Pulse oximetry is used as an assessment tool to gauge the severity of COVID-19 infection and identify patients at risk of poor outcomes. The pandemic highlights the need for accurate pulse oximetry, particularly at home, as infection rates increase in multiple global regions including the UK, USA and South Africa. Over 100 million Samsung smartphones containing dedicated biosensors (Maxim Integrated Inc, San Jose, CA) and preloaded Apps to perform pulse oximetry, are in use globally. We performed detailed in human hypoxia testing on the Samsung S9 smartphone to determine if this integrated hardware meets full FDA/ISO requirements for clinical pulse oximetry.

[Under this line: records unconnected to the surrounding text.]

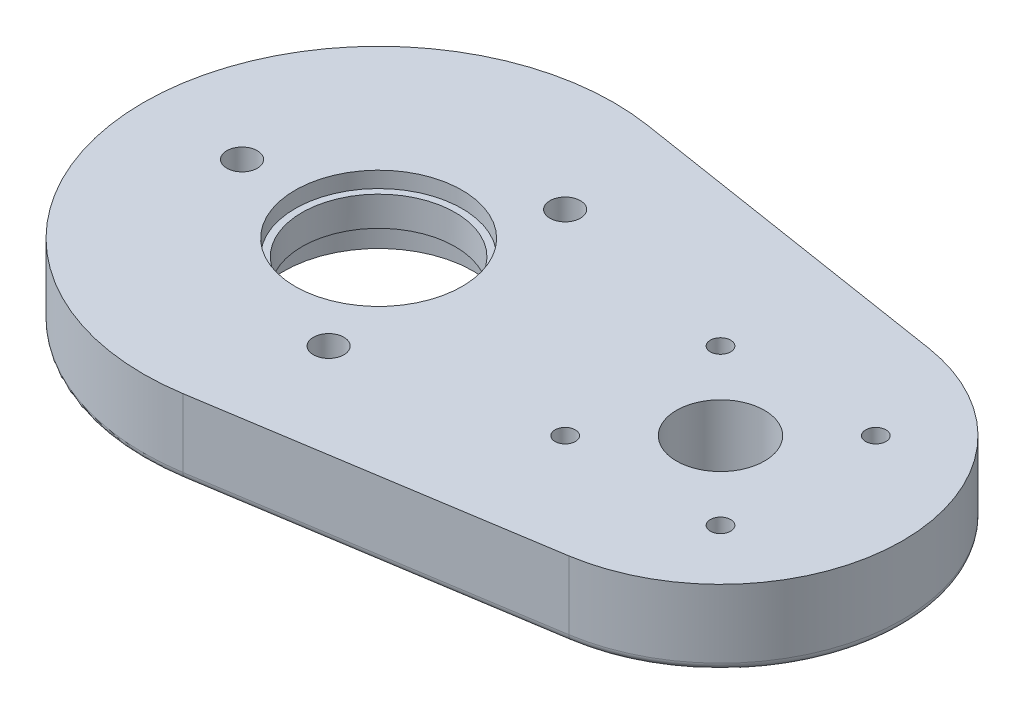
ISO-10303-21;
HEADER;
FILE_DESCRIPTION(('STEP AP214'),'2;1');
FILE_NAME('part.step','',(''),(''),'','','');
FILE_SCHEMA(('AUTOMOTIVE_DESIGN { 1 0 10303 214 1 1 1 1 }'));
ENDSEC;
DATA;
#1=APPLICATION_CONTEXT('core data for automotive mechanical design processes');
#2=APPLICATION_PROTOCOL_DEFINITION('international standard','automotive_design',2000,#1);
#3=PRODUCT_CONTEXT('',#1,'mechanical');
#4=PRODUCT('Part','Part','',(#3));
#5=PRODUCT_RELATED_PRODUCT_CATEGORY('part','',(#4));
#6=PRODUCT_DEFINITION_FORMATION('','',#4);
#7=PRODUCT_DEFINITION_CONTEXT('part definition',#1,'design');
#8=PRODUCT_DEFINITION('design','',#6,#7);
#9=PRODUCT_DEFINITION_SHAPE('','',#8);
#10=(LENGTH_UNIT() NAMED_UNIT(*) SI_UNIT(.MILLI.,.METRE.));
#11=(NAMED_UNIT(*) PLANE_ANGLE_UNIT() SI_UNIT($,.RADIAN.));
#12=(NAMED_UNIT(*) SI_UNIT($,.STERADIAN.) SOLID_ANGLE_UNIT());
#13=UNCERTAINTY_MEASURE_WITH_UNIT(LENGTH_MEASURE(1.E-05),#10,'distance_accuracy_value','');
#14=(GEOMETRIC_REPRESENTATION_CONTEXT(3) GLOBAL_UNCERTAINTY_ASSIGNED_CONTEXT((#13)) GLOBAL_UNIT_ASSIGNED_CONTEXT((#10,
#11,#12)) REPRESENTATION_CONTEXT('',''));
#15=CARTESIAN_POINT('',(0.,0.,0.));
#16=DIRECTION('',(0.,0.,1.));
#17=DIRECTION('',(1.,0.,0.));
#18=AXIS2_PLACEMENT_3D('',#15,#16,#17);
#19=CARTESIAN_POINT('',(-57.2262,0.,0.));
#20=DIRECTION('',(0.,1.,0.));
#21=DIRECTION('',(0.,0.,1.));
#22=AXIS2_PLACEMENT_3D('',#19,#20,#21);
#23=CYLINDRICAL_SURFACE('',#22,12.827);
#24=CARTESIAN_POINT('',(-57.2262,5.08,0.));
#25=DIRECTION('',(0.,-1.,0.));
#26=DIRECTION('',(0.,0.,-1.));
#27=AXIS2_PLACEMENT_3D('',#24,#25,#26);
#28=CIRCLE('',#27,12.827);
#29=CARTESIAN_POINT('',(-57.2262,5.08,-12.827));
#30=VERTEX_POINT('',#29);
#31=EDGE_CURVE('E805',#30,#30,#28,.T.);
#32=ORIENTED_EDGE('',*,*,#31,.T.);
#33=EDGE_LOOP('',(#32));
#34=FACE_BOUND('',#33,.T.);
#35=CARTESIAN_POINT('',(-57.2262,10.033,0.));
#36=DIRECTION('',(0.,1.,0.));
#37=DIRECTION('',(0.,0.,1.));
#38=AXIS2_PLACEMENT_3D('',#35,#36,#37);
#39=CIRCLE('',#38,12.827);
#40=CARTESIAN_POINT('',(-57.2262,10.033,12.827));
#41=VERTEX_POINT('',#40);
#42=EDGE_CURVE('E801',#41,#41,#39,.T.);
#43=ORIENTED_EDGE('',*,*,#42,.T.);
#44=EDGE_LOOP('',(#43));
#45=FACE_BOUND('',#44,.T.);
#46=ADVANCED_FACE('F34',(#34,#45),#23,.F.);
#47=CARTESIAN_POINT('',(-57.2262,12.7,0.));
#48=DIRECTION('',(0.,-1.,0.));
#49=DIRECTION('',(0.,0.,-1.));
#50=AXIS2_PLACEMENT_3D('',#47,#48,#49);
#51=CYLINDRICAL_SURFACE('',#50,39.37);
#52=DIRECTION('',(0.,-1.,0.));
#53=VECTOR('',#52,1.);
#54=CARTESIAN_POINT('',(-51.1101325343986,12.7,-38.8920379866652));
#55=LINE('',#54,#53);
#56=CARTESIAN_POINT('',(-51.1101325343986,12.7,-38.8920379866652));
#57=VERTEX_POINT('',#56);
#58=CARTESIAN_POINT('',(-51.1101325343986,1.27,-38.8920379866652));
#59=VERTEX_POINT('',#58);
#60=EDGE_CURVE('E263',#57,#59,#55,.T.);
#61=ORIENTED_EDGE('',*,*,#60,.T.);
#62=CARTESIAN_POINT('',(-57.2262,1.27,0.));
#63=DIRECTION('',(0.,1.,0.));
#64=DIRECTION('',(0.,0.,1.));
#65=AXIS2_PLACEMENT_3D('',#62,#63,#64);
#66=CIRCLE('',#65,39.37);
#67=CARTESIAN_POINT('',(-51.1101325343986,1.27,38.8920379866652));
#68=VERTEX_POINT('',#67);
#69=EDGE_CURVE('E110',#59,#68,#66,.T.);
#70=ORIENTED_EDGE('',*,*,#69,.T.);
#71=DIRECTION('',(0.,-1.,0.));
#72=VECTOR('',#71,1.);
#73=CARTESIAN_POINT('',(-51.1101325343986,12.7,38.8920379866652));
#74=LINE('',#73,#72);
#75=CARTESIAN_POINT('',(-51.1101325343986,12.7,38.8920379866652));
#76=VERTEX_POINT('',#75);
#77=EDGE_CURVE('E91',#76,#68,#74,.T.);
#78=ORIENTED_EDGE('',*,*,#77,.F.);
#79=CARTESIAN_POINT('',(-57.2262,12.7,0.));
#80=DIRECTION('',(0.,1.,0.));
#81=DIRECTION('',(0.,0.,1.));
#82=AXIS2_PLACEMENT_3D('',#79,#80,#81);
#83=CIRCLE('',#82,39.37);
#84=EDGE_CURVE('E96',#57,#76,#83,.T.);
#85=ORIENTED_EDGE('',*,*,#84,.F.);
#86=EDGE_LOOP('',(#61,#70,#78,#85));
#87=FACE_BOUND('',#86,.T.);
#88=ADVANCED_FACE('F108',(#87),#51,.T.);
#89=CARTESIAN_POINT('',(-51.1101325343986,12.7,38.8920379866652));
#90=DIRECTION('',(-0.155348424323125,0.,-0.987859740580778));
#91=DIRECTION('',(-0.987859740580778,0.,0.155348424323125));
#92=AXIS2_PLACEMENT_3D('',#89,#90,#91);
#93=PLANE('',#92);
#94=ORIENTED_EDGE('',*,*,#77,.T.);
#95=DIRECTION('',(0.987859740580778,0.,-0.155348424323125));
#96=VECTOR('',#95,1.);
#97=CARTESIAN_POINT('',(-51.1101325343986,1.27,38.8920379866652));
#98=LINE('',#97,#96);
#99=CARTESIAN_POINT('',(4.73501997336884,1.27,30.1099648929021));
#100=VERTEX_POINT('',#99);
#101=EDGE_CURVE('E11',#68,#100,#98,.T.);
#102=ORIENTED_EDGE('',*,*,#101,.T.);
#103=DIRECTION('',(0.,-1.,0.));
#104=VECTOR('',#103,1.);
#105=CARTESIAN_POINT('',(4.73501997336884,12.7,30.1099648929021));
#106=LINE('',#105,#104);
#107=CARTESIAN_POINT('',(4.73501997336884,12.7,30.1099648929021));
#108=VERTEX_POINT('',#107);
#109=EDGE_CURVE('E92',#108,#100,#106,.T.);
#110=ORIENTED_EDGE('',*,*,#109,.F.);
#111=DIRECTION('',(0.987859740580778,0.,-0.155348424323125));
#112=VECTOR('',#111,1.);
#113=CARTESIAN_POINT('',(-51.1101325343986,12.7,38.8920379866652));
#114=LINE('',#113,#112);
#115=EDGE_CURVE('E87',#76,#108,#114,.T.);
#116=ORIENTED_EDGE('',*,*,#115,.F.);
#117=EDGE_LOOP('',(#94,#102,#110,#116));
#118=FACE_BOUND('',#117,.T.);
#119=ADVANCED_FACE('F89',(#118),#93,.F.);
#120=CARTESIAN_POINT('',(0.,12.7,0.));
#121=DIRECTION('',(0.,-1.,0.));
#122=DIRECTION('',(0.,0.,-1.));
#123=AXIS2_PLACEMENT_3D('',#120,#121,#122);
#124=CYLINDRICAL_SURFACE('',#123,30.48);
#125=ORIENTED_EDGE('',*,*,#109,.T.);
#126=CARTESIAN_POINT('',(0.,1.27,0.));
#127=DIRECTION('',(0.,1.,0.));
#128=DIRECTION('',(0.,0.,1.));
#129=AXIS2_PLACEMENT_3D('',#126,#127,#128);
#130=CIRCLE('',#129,30.48);
#131=CARTESIAN_POINT('',(4.73501997336885,1.27,-30.1099648929021));
#132=VERTEX_POINT('',#131);
#133=EDGE_CURVE('E56',#100,#132,#130,.T.);
#134=ORIENTED_EDGE('',*,*,#133,.T.);
#135=DIRECTION('',(0.,-1.,0.));
#136=VECTOR('',#135,1.);
#137=CARTESIAN_POINT('',(4.73501997336885,12.7,-30.1099648929021));
#138=LINE('',#137,#136);
#139=CARTESIAN_POINT('',(4.73501997336885,12.7,-30.1099648929021));
#140=VERTEX_POINT('',#139);
#141=EDGE_CURVE('E114',#140,#132,#138,.T.);
#142=ORIENTED_EDGE('',*,*,#141,.F.);
#143=CARTESIAN_POINT('',(0.,12.7,0.));
#144=DIRECTION('',(0.,1.,0.));
#145=DIRECTION('',(0.,0.,1.));
#146=AXIS2_PLACEMENT_3D('',#143,#144,#145);
#147=CIRCLE('',#146,30.48);
#148=EDGE_CURVE('E95',#108,#140,#147,.T.);
#149=ORIENTED_EDGE('',*,*,#148,.F.);
#150=EDGE_LOOP('',(#125,#134,#142,#149));
#151=FACE_BOUND('',#150,.T.);
#152=ADVANCED_FACE('F306',(#151),#124,.T.);
#153=CARTESIAN_POINT('',(-51.1101325343986,12.7,-38.8920379866652));
#154=DIRECTION('',(-0.155348424323125,0.,0.987859740580778));
#155=DIRECTION('',(0.987859740580778,0.,0.155348424323125));
#156=AXIS2_PLACEMENT_3D('',#153,#154,#155);
#157=PLANE('',#156);
#158=ORIENTED_EDGE('',*,*,#141,.T.);
#159=DIRECTION('',(-0.987859740580778,0.,-0.155348424323125));
#160=VECTOR('',#159,1.);
#161=CARTESIAN_POINT('',(-51.1101325343986,1.27,-38.8920379866652));
#162=LINE('',#161,#160);
#163=EDGE_CURVE('E129',#132,#59,#162,.T.);
#164=ORIENTED_EDGE('',*,*,#163,.T.);
#165=ORIENTED_EDGE('',*,*,#60,.F.);
#166=DIRECTION('',(-0.987859740580778,0.,-0.155348424323125));
#167=VECTOR('',#166,1.);
#168=CARTESIAN_POINT('',(-51.1101325343986,12.7,-38.8920379866652));
#169=LINE('',#168,#167);
#170=EDGE_CURVE('E101',#140,#57,#169,.T.);
#171=ORIENTED_EDGE('',*,*,#170,.F.);
#172=EDGE_LOOP('',(#158,#164,#165,#171));
#173=FACE_BOUND('',#172,.T.);
#174=ADVANCED_FACE('F265',(#173),#157,.F.);
#175=CARTESIAN_POINT('',(-57.2262,12.7,0.));
#176=DIRECTION('',(0.,1.,0.));
#177=DIRECTION('',(0.,0.,1.));
#178=AXIS2_PLACEMENT_3D('',#175,#176,#177);
#179=PLANE('',#178);
#180=CARTESIAN_POINT('',(-57.2262,12.7,0.));
#181=DIRECTION('',(0.,1.,0.));
#182=DIRECTION('',(0.,0.,1.));
#183=AXIS2_PLACEMENT_3D('',#180,#181,#182);
#184=CIRCLE('',#183,13.97);
#185=CARTESIAN_POINT('',(-57.2262,12.7,13.97));
#186=VERTEX_POINT('',#185);
#187=EDGE_CURVE('E806',#186,#186,#184,.T.);
#188=ORIENTED_EDGE('',*,*,#187,.F.);
#189=EDGE_LOOP('',(#188));
#190=FACE_BOUND('',#189,.T.);
#191=CARTESIAN_POINT('',(-13.,12.7,-13.));
#192=DIRECTION('',(0.,-1.,0.));
#193=DIRECTION('',(0.,0.,-1.));
#194=AXIS2_PLACEMENT_3D('',#191,#192,#193);
#195=CIRCLE('',#194,1.7);
#196=CARTESIAN_POINT('',(-13.,12.7,-14.7));
#197=VERTEX_POINT('',#196);
#198=EDGE_CURVE('E166',#197,#197,#195,.T.);
#199=ORIENTED_EDGE('',*,*,#198,.T.);
#200=EDGE_LOOP('',(#199));
#201=FACE_BOUND('',#200,.T.);
#202=CARTESIAN_POINT('',(13.,12.7,13.));
#203=DIRECTION('',(0.,-1.,0.));
#204=DIRECTION('',(0.,0.,-1.));
#205=AXIS2_PLACEMENT_3D('',#202,#203,#204);
#206=CIRCLE('',#205,1.7);
#207=CARTESIAN_POINT('',(13.,12.7,11.3));
#208=VERTEX_POINT('',#207);
#209=EDGE_CURVE('E181',#208,#208,#206,.T.);
#210=ORIENTED_EDGE('',*,*,#209,.T.);
#211=EDGE_LOOP('',(#210));
#212=FACE_BOUND('',#211,.T.);
#213=CARTESIAN_POINT('',(13.,12.7,-13.));
#214=DIRECTION('',(0.,-1.,0.));
#215=DIRECTION('',(0.,0.,-1.));
#216=AXIS2_PLACEMENT_3D('',#213,#214,#215);
#217=CIRCLE('',#216,1.7);
#218=CARTESIAN_POINT('',(13.,12.7,-14.7));
#219=VERTEX_POINT('',#218);
#220=EDGE_CURVE('E196',#219,#219,#217,.T.);
#221=ORIENTED_EDGE('',*,*,#220,.T.);
#222=EDGE_LOOP('',(#221));
#223=FACE_BOUND('',#222,.T.);
#224=CARTESIAN_POINT('',(-13.,12.7,13.));
#225=DIRECTION('',(0.,-1.,0.));
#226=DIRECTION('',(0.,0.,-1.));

The accuracy of integrated pulse oximetry in the Samsung 9 smartphone during stable arterial oxygen saturations (SaO) between 70% and 100% was evaluated in 12 healthy subjects. Inspired oxygen, nitrogen, and carbon dioxide partial pressures were monitored and adjusted via a partial rebreathing circuit to achieve stable target SaO plateaus between 70% and 100%. Arterial blood samples were taken at each plateau and saturation measured on each blood sample using ABL-90FLEX blood gas analyzer. Bias, calculated from smartphone readings minus the corresponding arterial blood sample, was reported as root mean square deviation (RMSD).
The RMSD of the over 257 data points based on blood sample analysis obtained from 12 human volunteers tested was 2.6%.
Evaluation of the smartphone pulse oximeter performance is within requirements of <3.5% RMSD blood oxygen saturation (SpO) value for FDA/ISO clearance for clinical pulse oximetry. This is the first report of smartphone derived pulse oximetry measurements that meet full FDA/ISO accuracy certification requirements. Both Samsung S9 and S10 contain the same integrated pulse oximeter, thus over 100 million smartphones in current global circulation could be used to obtain clinically accurate spot SpO measurements to support at home assessment of COVID-19 patients.
脉搏血氧饱和度测定法用作评估工具,以衡量新型冠状病毒肺炎(COVID-19)感染的严重程度,并识别预后不良风险的患者。这场大流行凸显了对准确脉搏血氧饱和度测定的需求,尤其是在家中,因为在包括英国、美国和南非在内的多个全球地区感染率都在上升。全球有超过1亿部配备专用生物传感器(美信集成产品公司,加利福尼亚州圣何塞)和预加载用于进行脉搏血氧饱和度测定应用程序的三星智能手机在使用。我们对三星S9智能手机进行了详细的人体低氧测试,以确定这种集成硬件是否符合美国食品药品监督管理局(FDA)/国际标准化组织(ISO)对临床脉搏血氧饱和度测定的全部要求。
在12名健康受试者中评估了三星9智能手机在70%至100%的稳定动脉血氧饱和度(SaO)期间集成脉搏血氧饱和度测定的准确性。通过部分再呼吸回路监测和调整吸入氧气、氮气和二氧化碳分压,以在70%至100%之间实现稳定的目标SaO平台期。在每个平台期采集动脉血样,并使用ABL-90FLEX血气分析仪测量每个血样的饱和度。从智能手机读数减去相应动脉血样计算得出的偏差报告为均方根偏差(RMSD)。
基于对12名接受测试的人类志愿者的血样分析获得的超过257个数据点的RMSD为2.6%。
智能手机脉搏血氧仪性能评估在FDA/ISO批准临床脉搏血氧饱和度测定的RMSD血氧饱和度(SpO)值<3.5%的要求范围内。这是首次关于符合FDA/ISO全部准确性认证要求的智能手机衍生脉搏血氧饱和度测量的报告。三星S9和S10都包含相同的集成脉搏血氧仪,因此目前全球流通的超过1亿部智能手机可用于获得临床准确的即时SpO测量值,以支持对COVID-19患者的家庭评估。